Five minutes later, with Dave wandering the room again, I turn and walk away, too. I haven't been back. Instead, I've been playing at the Wynn, and a little at the Mirage.
Here are some Wynn/Bellagio comparisons.
Poker room in the Wynn is much closer to the parking garage than at the Bellagio. This isn't a big deal, though, because I don't mind walking through the Bellagio, which is quite nice. Still, proximity is key.
Rarely takes more than 10 minutes to get into a game at the Wynn.
Mixed game at the Wynn is played at 10-20 stakes. At the Bellagio it is 40-80.
Lower rake at the Wynn, if I remember correctly.
More beginners playing 2-5 NL.
Slightly more attractive waitresses at the Wynn.
If I want to move up in stakes, the 5-10 NL at the Wynn is a more logical progression than the Bellagio's 10-20 NL.
Floor managers are better at the Wynn.
Floor people are equipped with better technology. They have ear pieces so they can communicate across the room without shouting. And the lists are displayed on a screen overhead, which is a common poker room feature that the Bellagio lacks.
Wynn has more transparent comps system. This is a minor factor, since I find it inconvenient to have to stop and ask someone to swipe my card whenever I come and go, which is how the comp system works at the Wynn.
Wynn bathrooms are slightly nicer.
Tables not as closely packed at the Wynn, so it's easier to get around.
Snack bar cheaper at Bellagio (but still exorbitant).
More poker stars around.
Slightly better dealers at Bellagio.
I know and like several of the regular players and dealers.
More drunk people playing 2-5 NL at Bellagio.
Also, I have recently played a bit at the Mirage. I like the Mirage for their relatively cheap $100 rebuy tournaments, cheap snacks at the gift shop (this is quite significant), and relatively poor competition. On the other hand, the tables do not have an automatic shuffler, the dealers are not quite as good, and the parking garage is not very convenient.
Sunday, October 23, 2005
For the record, I've seen Sklansky with a woman at the Bellagio, and if she is only 23, well... let's just say there's no way she was only 23.
Monday, October 17, 2005
Incidentally I've been doing pretty well in the 2-5 NL games, and Negreanu's comments are making me consider trying the 5-10 NL at the Wynn. In fact, with the way he was playing, I hope he shows up again.

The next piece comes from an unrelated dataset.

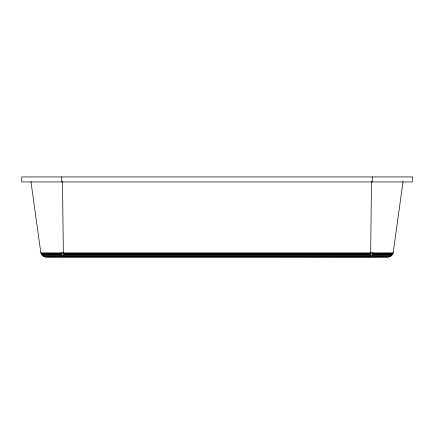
<?xml version="1.0" encoding="UTF-8"?>
<svg xmlns="http://www.w3.org/2000/svg" width="434" height="434" viewBox="0 0 434 434"><rect width="100%" height="100%" fill="white"/><g stroke="black" fill="none" stroke-linecap="round" stroke-linejoin="round"><path stroke-width="0.65" d="M371.488 181.586L370.679 252.897L370.224 257.064M372.849 255.062L373.11 252.897M370.424 254.704L370.522 253.006L372.676 253.006M30.955 181.553L40.839 252.897C41.545 255.311 43.921 257.091 46.438 257.064L387.562 257.064C390.079 257.091 392.455 255.311 393.161 252.897L403.045 181.553M390.698 255.908L389.651 256.537L372.415 256.537L372.649 255.908M391.593 255.062L392.765 252.897M40.839 252.897L393.161 252.897M61.324 253.006L63.478 253.006L63.576 254.704M41.235 252.897L41.442 253.483L60.939 253.483L61.151 255.062M62.512 181.586L63.337 253.483L370.663 253.483M373.061 253.483L392.558 253.483M41.442 253.483L41.707 254.047L60.999 254.047M63.337 253.483L63.359 254.047L370.641 254.047M373.001 254.047L392.293 254.047M41.707 254.047L42.033 254.574L61.069 254.574M63.359 254.047L63.386 254.574L370.614 254.574M372.931 254.574L391.967 254.574M42.038 255.062L391.962 255.062M42.95 255.908L391.05 255.908M43.807 256.25L61.465 256.25L61.585 256.537L44.349 256.537L43.302 255.908M63.386 254.574L63.532 256.25L370.468 256.25M372.535 256.25L390.193 256.25M63.532 256.25L63.576 256.537L370.424 256.537M63.576 256.537L370.376 256.765M45.201 256.928L388.799 256.928M42.033 254.574L42.407 255.062M63.776 257.064L63.624 256.765M61.351 255.908L61.465 256.25M60.89 252.897L60.939 253.483M372.236 176.936L372.236 181.944M61.764 176.936L61.764 181.944M412.3 176.936L21.7 176.936L21.7 181.944L412.3 181.944L412.3 176.936"/></g></svg>

Oh, and that Poker Stars Tournament already has over 1000 entrants, so it's going to take forever, and with such a large field it's probably unlikely that I'll win anything. Should I bother to play it?
Saturday, October 15, 2005
The event is October 23rd. I'll let you know how it goes.
Thursday, October 13, 2005
"I hate this game!"
"But you still choose to come and play everyday."
"Yeah, the other day I was talking to this guy who said that if someone told him that he had to come to the casino every night for eight hours and play 4-8 Omaha, he'd be furious and crying Bloody Murder. I thought about it and realized he was right. But for some reason I come here and do it anyway."
Incidentally, I won only one pot for the 2 hours I was there and lost $200.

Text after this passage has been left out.